+++ Material for this task +++

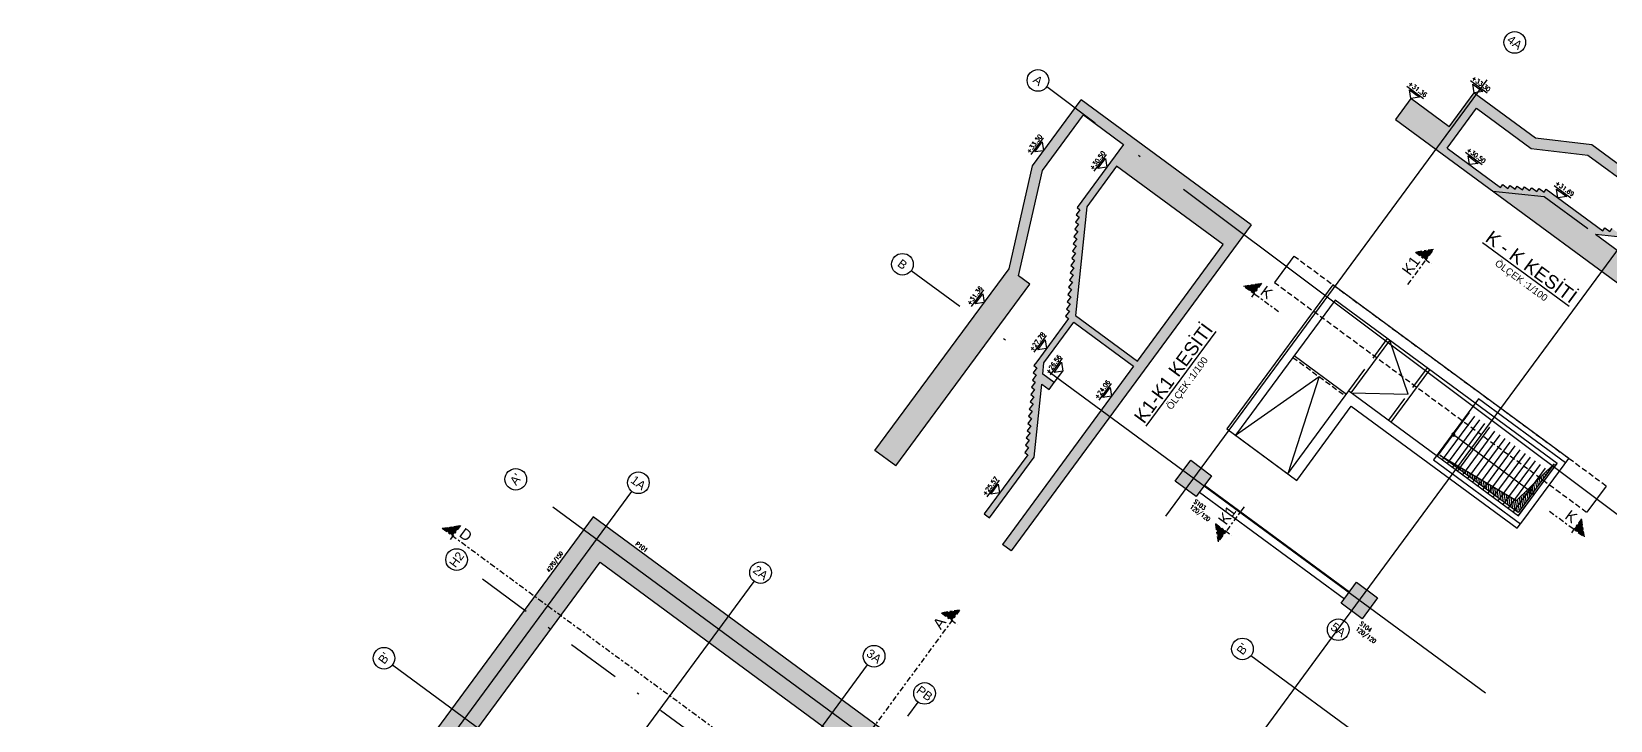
# Model space of a CAD drawing. Header units: millimetres. Extents: x 400392 to 401186, y 4543812 to 4544115.
# Drawn here: x 400690.4 to 400763.2, y 4544063.9 to 4544095.7 of the extents above; entities that cross this region are included whole.
import ezdxf
from ezdxf.enums import TextEntityAlignment as Align

# ---------------------------------------------------------------- set-up
doc = ezdxf.new("R2010")
doc.units = ezdxf.units.MM
for name, pattern in [('AKS', [3, 2.5, -0.25, 0, -0.25]), ('CENTER', [2, 1.25, -0.25, 0.25, -0.25]), ('CONTINU', [0]), ('DASHDOT2', [0.5, 0.25, -0.125, 0, -0.125]), ('HIDDEN', [0.375, 0.25, -0.125])]:
    doc.linetypes.add(name, pattern=pattern)
for name, color, linetype in [('aks prota', 2, 'AKS'), ('boşluk prota', 2, 'Continuous'), ('boşluk taraması prota', 252, 'Continuous'), ('caks prota', 4, 'Continuous'), ('kesit prota', 1, 'Continuous'), ('kesit tarama prota', 252, 'Continuous'), ('kiris prota', 6, 'Continuous'), ('kiriş prota', 6, 'Continuous'), ('kolon prota', 1, 'Continuous'), ('kolon tarama prota', 252, 'Continuous'), ('kot prota', 4, 'Continuous'), ('lkolon prota', 4, 'Continuous'), ('lperde prota', 4, 'Continuous'), ('merdiven prota', 2, 'Continuous'), ('metraj prota', 2, 'Continuous'), ('perde prota', 1, 'Continuous'), ('PRT-AL-TUNEL_EKSENI', 14, 'DASHDOT2'), ('PRT-CST-rc_level', 6, 'Continuous'), ('PRT-CST-rc_levermark', 4, 'Continuous'), ('PRT-MI-ad_dim', 8, 'Continuous'), ('skesit prota', 7, 'Continuous'), ('t35 prota', 3, 'Continuous'), ('taks prota', 7, 'Continuous'), ('tkesit prota', 7, 'Continuous'), ('tkolon prota', 6, 'Continuous'), ('tperde prota', 6, 'Continuous'), ('tplan prota', 7, 'Continuous'), ('ölçü prota', 4, 'Continuous')]:
    doc.layers.add(name, color=color, linetype=linetype)
doc.styles.add('Arial', font='Arial.ttf')
doc.styles.add('OLCU', font='romanstw.shx')
doc.styles.add('TAKS', font='Arial Unicode.ttf')
doc.styles.add('tkolon', font='romanstw.shx')

# ---------------------------------------------------------------- blocks, each defined once
blk = doc.blocks.new('*U59')
at = {"layer": 'metraj prota', "color": 4}
blk.add_lwpolyline([(-464, 0), (-441.5, 13), (-441.5, -13)], close=True, dxfattribs=at)
blk.add_lwpolyline([(0, 0), (-441.5, 0)], dxfattribs=at)
blk.add_circle((0, 0), 7.5, dxfattribs=at)
blk = doc.blocks.new('KOTK5')
at = {"layer": 'PRT-CST-rc_levermark'}
blk.add_line((217, 160), (-213, 160), dxfattribs=at)
blk.add_lwpolyline([(130, 130), (-130, 130), (0, 0)], close=True, dxfattribs=at)
at = {"layer": 'PRT-CST-rc_level', "style": 'OLCU'}
blk.add_attdef('000.00', text='', height=90, dxfattribs=at).set_placement((0, 193), align=Align.CENTER)

msp = doc.modelspace()

# ---------------------------------------------------------------- hatches: boundary and pattern name
at = {"layer": 'boşluk taraması prota', "ltscale": 2}
h = msp.add_hatch(dxfattribs=at)
h.set_pattern_fill('ANSI31', color=256, scale=0.03, angle=89.6371181, style=0)
h.set_pattern_definition([(98.6371, (400747.01018, 4544051.12023), (-0.0941698, -0.01430425), [])])
h.paths.add_polyline_path([(400760.60998, 4544075.78207), (400758.94904, 4544073.52617), (400755.33923, 4544076.18394), (400758.8725, 4544074.08026)])
at = {"layer": 'kesit tarama prota'}
h = msp.add_hatch(color=256, dxfattribs=at)
h.dxf.hatch_style = 1
h.paths.add_polyline_path([(400738.79757, 4544092.57899), (400736.55573, 4544089.53409), (400735.47398, 4544084.78126), (400729.28805, 4544076.39101), (400730.25439, 4544075.67953), (400736.43788, 4544084.07321), (400735.91348, 4544084.4593), (400737.02014, 4544089.32154), (400738.90376, 4544091.8799), (400740.75349, 4544090.51801), (400738.60768, 4544087.60356), (400738.74458, 4544087.50277), (400738.57264, 4544087.26924), (400738.70953, 4544087.16844), (400738.53759, 4544086.93491), (400738.67449, 4544086.83412), (400738.50255, 4544086.60059), (400738.63945, 4544086.4998), (400738.46751, 4544086.26627), (400738.60441, 4544086.16547), (400738.43247, 4544085.93194), (400738.56936, 4544085.83115), (400738.39742, 4544085.59762), (400738.53432, 4544085.49683), (400738.36238, 4544085.2633), (400738.49928, 4544085.16251), (400738.32734, 4544084.92897), (400738.46423, 4544084.82818), (400738.29229, 4544084.59465), (400738.42919, 4544084.49386), (400738.25725, 4544084.26033), (400738.39415, 4544084.15954), (400738.22221, 4544083.926), (400738.35911, 4544083.82521), (400738.18717, 4544083.59168), (400738.32406, 4544083.49089), (400738.15212, 4544083.25736), (400738.28902, 4544083.15657), (400738.11708, 4544082.92304), (400738.25398, 4544082.82224), (400738.08204, 4544082.58871), (400738.21893, 4544082.48792), (400736.74855, 4544080.49083), (400736.61811, 4544080.31367), (400736.75501, 4544080.21288), (400736.58307, 4544079.97935), (400736.71996, 4544079.87855), (400736.54802, 4544079.64502), (400736.68492, 4544079.54423), (400736.51298, 4544079.3107), (400736.64988, 4544079.20991), (400736.47794, 4544078.97638), (400736.61484, 4544078.87558), (400736.4429, 4544078.64205), (400736.57979, 4544078.54126), (400736.40785, 4544078.30773), (400736.54475, 4544078.20694), (400736.37281, 4544077.97341), (400736.50971, 4544077.87261), (400736.33777, 4544077.63908), (400736.47466, 4544077.53829), (400736.30272, 4544077.30476), (400736.43962, 4544077.20397), (400736.26768, 4544076.97044), (400736.40458, 4544076.86964), (400736.23264, 4544076.63611), (400736.36954, 4544076.53532), (400736.1976, 4544076.30179), (400736.33449, 4544076.201), (400734.32262, 4544073.46845), (400734.5642, 4544073.29059), (400736.62437, 4544076.08872), (400736.97796, 4544079.46212), (400737.32289, 4544079.20816), (400737.56086, 4544079.53137), (400737.02632, 4544079.92352), (400737.07993, 4544080.43492), (400738.46052, 4544082.31005), (400741.21698, 4544080.28056), (400735.16658, 4544072.06286), (400735.56922, 4544071.76641), (400746.64098, 4544086.80417)])
h.paths.add_polyline_path([(400745.349, 4544085.8927), (400741.39485, 4544080.52215), (400738.53522, 4544082.62759), (400739.06125, 4544087.64615), (400740.43438, 4544089.51115)], flags=16)
h = msp.add_hatch(color=256, dxfattribs=at)
h.dxf.hatch_style = 1
h.paths.add_polyline_path([(400769.29744, 4544081.37809), (400766.79467, 4544083.22079), (400768.71566, 4544085.82989), (400768.31312, 4544086.12627), (400768.20195, 4544085.9759), (400767.96842, 4544086.14784), (400767.86762, 4544086.01095), (400767.63409, 4544086.18289), (400767.5333, 4544086.04599), (400767.29977, 4544086.21793), (400767.19898, 4544086.08103), (400766.96545, 4544086.25297), (400766.86466, 4544086.11608), (400766.63112, 4544086.28802), (400766.53033, 4544086.15112), (400766.2968, 4544086.32306), (400766.19601, 4544086.18616), (400765.96248, 4544086.3581), (400765.86169, 4544086.22121), (400765.62815, 4544086.39315), (400765.52736, 4544086.25625), (400765.29383, 4544086.42819), (400765.19304, 4544086.29129), (400764.95951, 4544086.46323), (400764.85872, 4544086.32633), (400764.62518, 4544086.49827), (400764.52439, 4544086.36138), (400764.29086, 4544086.53332), (400764.19007, 4544086.39642), (400763.95654, 4544086.56836), (400763.85575, 4544086.43146), (400763.62222, 4544086.6034), (400763.52142, 4544086.46651), (400763.28789, 4544086.63845), (400763.1871, 4544086.50155), (400762.95357, 4544086.67349), (400762.85278, 4544086.53659), (400760.2514, 4544088.45189), (400760.15061, 4544088.31499), (400759.91708, 4544088.48693), (400759.81629, 4544088.35004), (400759.58275, 4544088.52198), (400759.48196, 4544088.38508), (400759.24843, 4544088.55702), (400759.14764, 4544088.42012), (400758.91411, 4544088.59206), (400758.81332, 4544088.45517), (400758.57978, 4544088.62711), (400758.47899, 4544088.49021), (400758.24546, 4544088.66215), (400758.14467, 4544088.52525), (400755.67246, 4544090.34545), (400757.03435, 4544092.19517), (400759.5596, 4544090.33592), (400762.16825, 4544090.02961), (400764.26986, 4544088.48227), (400764.56631, 4544088.88491), (400762.35525, 4544090.51284), (400759.7466, 4544090.81914), (400756.92816, 4544092.89426), (400755.77794, 4544091.33202), (400754.00248, 4544092.63922), (400753.29101, 4544091.67289), (400768.58597, 4544080.41176)])
h.paths.add_polyline_path([(400762.51636, 4544086.37076), (400768.06479, 4544085.78919), (400766.39204, 4544083.51724)], flags=16)
h = msp.add_hatch(color=256, dxfattribs=at)
h.dxf.hatch_style = 1
h.paths.add_polyline_path([(400754.21769, 4544085.54259), (400755.0566, 4544085.67002), (400754.70086, 4544085.18685)])
h = msp.add_hatch(color=256, dxfattribs=at)
h.dxf.hatch_style = 1
h.paths.add_polyline_path([(400747.12337, 4544084.11), (400746.28447, 4544083.98257), (400746.76763, 4544083.62683)])
h = msp.add_hatch(color=256, dxfattribs=at)
h.dxf.hatch_style = 1
h.paths.add_polyline_path([(400710.1732, 4544072.93544), (400709.3343, 4544072.80801), (400709.81747, 4544072.45227)])
h = msp.add_hatch(color=256, dxfattribs=at)
h.dxf.hatch_style = 1
h.paths.add_polyline_path([(400744.99892, 4544073.02158), (400745.12635, 4544072.18267), (400745.48209, 4544072.66584)])
h = msp.add_hatch(color=256, dxfattribs=at)
h.dxf.hatch_style = 1
h.paths.add_polyline_path([(400761.88066, 4544073.24474), (400762.00809, 4544072.40583), (400761.52492, 4544072.76157)])
h = msp.add_hatch(color=256, dxfattribs=at)
h.dxf.hatch_style = 1
h.paths.add_polyline_path([(400732.35374, 4544068.9003), (400733.19265, 4544069.02773), (400732.83691, 4544068.54456)])
at = {"layer": 'kolon tarama prota'}
h = msp.add_hatch(color=256, dxfattribs=at)
h.dxf.hatch_style = 1
h.paths.add_polyline_path([(400743.85157, 4544075.94311), (400744.81791, 4544075.23164), (400744.10643, 4544074.2653), (400743.14009, 4544074.97678)])
h = msp.add_hatch(color=256, dxfattribs=at)
h.dxf.hatch_style = 1
h.paths.add_polyline_path([(400716.28991, 4544073.3376), (400705.79563, 4544059.08418), (400705.47352, 4544059.32134), (400704.9992, 4544058.67712), (400705.32131, 4544058.43996), (400701.9418, 4544053.84987), (400701.61969, 4544054.08703), (400701.14537, 4544053.44281), (400701.46748, 4544053.20565), (400690.97319, 4544038.95223), (400692.18111, 4544038.06288), (400716.60848, 4544071.24034), (400767.08916, 4544034.07322), (400769.64107, 4544034.05706)])
h = msp.add_hatch(color=256, dxfattribs=at)
h.dxf.hatch_style = 1
h.paths.add_polyline_path([(400751.50171, 4544070.31059), (400752.46805, 4544069.59911), (400751.75657, 4544068.63278), (400750.79024, 4544069.34425)])

# ---------------------------------------------------------------- linework, layer by layer
at = {"layer": 'aks prota', "ltscale": 10}
for p, q in [((400742.69656, 4544073.36238), (400758.49849, 4544094.8247)), ((400763.52567, 4544073.44122), (400737.20954, 4544093.17696)), ((400750.3467, 4544067.72986), (400766.14863, 4544089.19217)), ((400757.44848, 4544065.18712), (400730.96041, 4544084.68933)), ((400690.39136, 4544036.897), (400718.07966, 4544074.50348)), ((400690.39136, 4544036.897), (400718.07966, 4544074.50348)), ((400690.39136, 4544036.897), (400718.07966, 4544074.50348)), ((400807.27371, 4544005.41814), (400713.11034, 4544074.74725)), ((400807.27371, 4544005.41814), (400713.11034, 4544074.74725)), ((400696.0283, 4544032.74672), (400723.71661, 4544070.3532)), ((400696.0283, 4544032.74672), (400723.71661, 4544070.3532)), ((400696.0283, 4544032.74672), (400723.71661, 4544070.3532)), ((400745.65928, 4544061.36336), (400750.3467, 4544067.72986)), ((400752.3957, 4544062.66998), (400746.62438, 4544066.91919)), ((400701.26261, 4544028.89288), (400728.95092, 4544066.49937)), ((400701.26261, 4544028.89288), (400728.95092, 4544066.49937)), ((400701.26261, 4544028.89288), (400728.95092, 4544066.49937)), ((400789.83571, 4544005.52859), (400707.03314, 4544066.49315)), ((400789.83571, 4544005.52859), (400707.03314, 4544066.49315)), ((400789.83571, 4544005.52859), (400707.03314, 4544066.49315))]:
    msp.add_line(p, q, dxfattribs=at)
at = {"layer": 'boşluk prota', "ltscale": 0.05}
msp.add_lwpolyline([(400760.60998, 4544075.78207), (400758.94904, 4544073.52617), (400755.33923, 4544076.18394), (400758.8725, 4544074.08026)], close=True, dxfattribs=at)
at = {"layer": 'caks prota', "ltscale": 0.05}
for centre in [(400758.79494, 4544095.22734), (400736.8069, 4544093.4734), (400730.55777, 4544084.98578), (400712.72284, 4544075.06324), (400712.72284, 4544075.06324), (400712.72284, 4544075.06324), (400718.37611, 4544074.90612), (400718.37611, 4544074.90612), (400718.37611, 4544074.90612), (400709.99551, 4544071.35895), (400709.99551, 4544071.35895), (400709.99551, 4544071.35895), (400724.01306, 4544070.75584), (400724.01306, 4544070.75584), (400724.01306, 4544070.75584), (400750.65625, 4544068.12286), (400746.23689, 4544067.23518), (400706.64565, 4544066.80913), (400706.64565, 4544066.80913), (400706.64565, 4544066.80913), (400729.24737, 4544066.90201), (400729.24737, 4544066.90201), (400729.24737, 4544066.90201), (400731.57817, 4544065.18592), (400731.57817, 4544065.18592), (400731.57817, 4544065.18592)]:
    msp.add_circle(centre, 0.5, dxfattribs=at)
at = {"layer": 'kesit prota', "color": 1}
for p, q in [((400746.64098, 4544086.80417), (400738.79757, 4544092.57899)), ((400755.77794, 4544091.33202), (400754.00248, 4544092.63922)), ((400755.77794, 4544091.33202), (400756.92816, 4544092.89426)), ((400755.67246, 4544090.34545), (400757.03435, 4544092.19517)), ((400757.03435, 4544092.19517), (400759.5596, 4544090.33592)), ((400759.5596, 4544090.33592), (400762.16825, 4544090.02961)), ((400762.16825, 4544090.02961), (400764.26986, 4544088.48227)), ((400746.64098, 4544086.80417), (400735.56922, 4544071.76641)), ((400762.51636, 4544086.37076), (400766.39204, 4544083.51724)), ((400741.21698, 4544080.28056), (400735.16658, 4544072.06286))]:
    msp.add_line(p, q, dxfattribs=at)
for points in [[(400729.28805, 4544076.39101), (400735.47398, 4544084.78126), (400736.55573, 4544089.53409), (400738.79757, 4544092.57899)], [(400756.92816, 4544092.89426), (400759.7466, 4544090.81914), (400762.35525, 4544090.51284), (400764.56631, 4544088.88491), (400764.26986, 4544088.48227)], [(400730.25439, 4544075.67953), (400736.43788, 4544084.07321), (400735.91348, 4544084.4593), (400737.02014, 4544089.32154), (400738.90376, 4544091.8799), (400740.75349, 4544090.51801), (400738.60768, 4544087.60356), (400738.74458, 4544087.50277), (400738.57264, 4544087.26924), (400738.70953, 4544087.16844), (400738.53759, 4544086.93491), (400738.67449, 4544086.83412), (400738.50255, 4544086.60059), (400738.63945, 4544086.4998), (400738.46751, 4544086.26627), (400738.60441, 4544086.16547), (400738.43247, 4544085.93194), (400738.56936, 4544085.83115), (400738.39742, 4544085.59762), (400738.53432, 4544085.49683), (400738.36238, 4544085.2633), (400738.49928, 4544085.16251), (400738.32734, 4544084.92897), (400738.46423, 4544084.82818), (400738.29229, 4544084.59465), (400738.42919, 4544084.49386), (400738.25725, 4544084.26033), (400738.39415, 4544084.15954), (400738.22221, 4544083.926), (400738.35911, 4544083.82521), (400738.18717, 4544083.59168), (400738.32406, 4544083.49089), (400738.15212, 4544083.25736), (400738.28902, 4544083.15657), (400738.11708, 4544082.92304), (400738.25398, 4544082.82224), (400738.08204, 4544082.58871), (400738.21893, 4544082.48792), (400736.74855, 4544080.49083), (400736.61811, 4544080.31367), (400736.75501, 4544080.21288), (400736.58307, 4544079.97935), (400736.71996, 4544079.87855), (400736.54802, 4544079.64502), (400736.68492, 4544079.54423), (400736.51298, 4544079.3107), (400736.64988, 4544079.20991), (400736.47794, 4544078.97638), (400736.61484, 4544078.87558), (400736.4429, 4544078.64205), (400736.57979, 4544078.54126), (400736.40785, 4544078.30773), (400736.54475, 4544078.20694), (400736.37281, 4544077.97341), (400736.50971, 4544077.87261), (400736.33777, 4544077.63908), (400736.47466, 4544077.53829), (400736.30272, 4544077.30476), (400736.43962, 4544077.20397), (400736.26768, 4544076.97044), (400736.40458, 4544076.86964), (400736.23264, 4544076.63611), (400736.36954, 4544076.53532), (400736.1976, 4544076.30179), (400736.33449, 4544076.201), (400734.32262, 4544073.46845), (400734.5642, 4544073.29059), (400736.62437, 4544076.08872), (400736.97796, 4544079.46212), (400737.32289, 4544079.20816), (400737.56086, 4544079.53137), (400737.02632, 4544079.92352), (400737.07993, 4544080.43492), (400738.46052, 4544082.31005), (400741.21698, 4544080.28056)], [(400753.29101, 4544091.67289), (400768.58597, 4544080.41176)], [(400755.67246, 4544090.34545), (400758.14467, 4544088.52525), (400758.24546, 4544088.66215), (400758.47899, 4544088.49021), (400758.57978, 4544088.62711), (400758.81332, 4544088.45517), (400758.91411, 4544088.59206), (400759.14764, 4544088.42012), (400759.24843, 4544088.55702), (400759.48196, 4544088.38508), (400759.58275, 4544088.52198), (400759.81629, 4544088.35004), (400759.91708, 4544088.48693), (400760.15061, 4544088.31499), (400760.2514, 4544088.45189), (400762.85278, 4544086.53659), (400762.95357, 4544086.67349), (400763.1871, 4544086.50155), (400763.28789, 4544086.63845)], [(400741.39485, 4544080.52215), (400745.349, 4544085.8927), (400740.43438, 4544089.51115), (400739.06125, 4544087.64615), (400738.53522, 4544082.62759), (400741.39485, 4544080.52215)], [(400762.51636, 4544086.37076), (400768.06479, 4544085.78919)]]:
    msp.add_lwpolyline(points, dxfattribs=at)
at = {"layer": 'kiris prota', "linetype": 'HIDDEN', "ltscale": 5}
for p, q in [((400751.14754, 4544079.13983), (400752.92915, 4544081.55963)), ((400752.98834, 4544077.79063), (400754.76704, 4544080.20647))]:
    msp.add_line(p, q, dxfattribs=at)
at = {"layer": 'kiriş prota'}
for p, q in [((400751.25699, 4544079.05924), (400753.03568, 4544081.47507)), ((400748.6268, 4544080.77597), (400751.0426, 4544078.9973)), ((400753.10074, 4544077.70788), (400754.87943, 4544080.12372))]:
    msp.add_line(p, q, dxfattribs=at)
at = {"layer": 'kiriş prota', "linetype": 'HIDDEN'}
msp.add_line((400748.56503, 4544080.69207), (400750.98083, 4544078.9134), dxfattribs=at)
at = {"layer": 'kiriş prota'}
msp.add_lwpolyline([(400745.51774, 4544077.38804), (400748.73888, 4544075.01643), (400751.25373, 4544078.44074), (400758.91249, 4544072.80187), (400759.21186, 4544073.20848), (400761.28408, 4544076.02298), (400750.40424, 4544084.03342)], close=True, dxfattribs=at)
for points in [[(400758.97028, 4544073.38635), (400760.74605, 4544075.79821), (400750.51043, 4544083.33433), (400745.91633, 4544077.09458), (400748.33219, 4544075.31586), (400751.14754, 4544079.13983), (400758.96735, 4544073.38238), (400760.74897, 4544075.80218)], [(400757.1234, 4544078.77588), (400755.05119, 4544075.96138), (400759.06364, 4544073.00716)], [(400761.13585, 4544075.82166), (400757.1234, 4544078.77588)], [(400744.25465, 4544074.46662), (400750.93846, 4544069.54557)], [(400744.49181, 4544074.78873), (400751.17562, 4544069.86769)]]:
    msp.add_lwpolyline(points, dxfattribs=at)
at = {"layer": 'kolon prota', "color": 1}
for points in [[(400743.85157, 4544075.94311), (400744.81791, 4544075.23164), (400744.10643, 4544074.2653), (400743.14009, 4544074.97678)], [(400751.50171, 4544070.31059), (400752.46805, 4544069.59911), (400751.75657, 4544068.63278), (400750.79024, 4544069.34425)]]:
    msp.add_lwpolyline(points, close=True, dxfattribs=at)
at = {"layer": 'merdiven prota', "linetype": 'HIDDEN', "ltscale": 10}
for p, q in [((400755.23348, 4544076.13762), (400757.01218, 4544078.55345)), ((400755.46702, 4544075.96568), (400757.24571, 4544078.38151)), ((400755.70055, 4544075.79374), (400757.47924, 4544078.20957)), ((400755.93408, 4544075.6218), (400757.71277, 4544078.03763)), ((400756.16761, 4544075.44986), (400757.9463, 4544077.86569)), ((400756.40114, 4544075.27791), (400758.17983, 4544077.69375)), ((400756.63467, 4544075.10597), (400758.41336, 4544077.52181)), ((400756.8682, 4544074.93403), (400758.64689, 4544077.34987)), ((400757.10173, 4544074.76209), (400758.88042, 4544077.17793)), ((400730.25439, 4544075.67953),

+++

Using the records above, select and copy every line that has the word "name".

■ **Exercise response**
for name, pattern in [('AKS', [3, 2.5, -0.25, 0, -0.25]), ('CENTER', [2, 1.25, -0.25, 0.25, -0.25]), ('CONTINU', [0]), ('DASHDOT2', [0.5, 0.25, -0.125, 0, -0.125]), ('HIDDEN', [0.375, 0.25, -0.125])]:
    doc.linetypes.add(name, pattern=pattern)
for name, color, linetype in [('aks prota', 2, 'AKS'), ('boşluk prota', 2, 'Continuous'), ('boşluk taraması prota', 252, 'Continuous'), ('caks prota', 4, 'Continuous'), ('kesit prota', 1, 'Continuous'), ('kesit tarama prota', 252, 'Continuous'), ('kiris prota', 6, 'Continuous'), ('kiriş prota', 6, 'Continuous'), ('kolon prota', 1, 'Continuous'), ('kolon tarama prota', 252, 'Continuous'), ('kot prota', 4, 'Continuous'), ('lkolon prota', 4, 'Continuous'), ('lperde prota', 4, 'Continuous'), ('merdiven prota', 2, 'Continuous'), ('metraj prota', 2, 'Continuous'), ('perde prota', 1, 'Continuous'), ('PRT-AL-TUNEL_EKSENI', 14, 'DASHDOT2'), ('PRT-CST-rc_level', 6, 'Continuous'), ('PRT-CST-rc_levermark', 4, 'Continuous'), ('PRT-MI-ad_dim', 8, 'Continuous'), ('skesit prota', 7, 'Continuous'), ('t35 prota', 3, 'Continuous'), ('taks prota', 7, 'Continuous'), ('tkesit prota', 7, 'Continuous'), ('tkolon prota', 6, 'Continuous'), ('tperde prota', 6, 'Continuous'), ('tplan prota', 7, 'Continuous'), ('ölçü prota', 4, 'Continuous')]:
    doc.layers.add(name, color=color, linetype=linetype)
# ---------------------------------------------------------------- hatches: boundary and pattern name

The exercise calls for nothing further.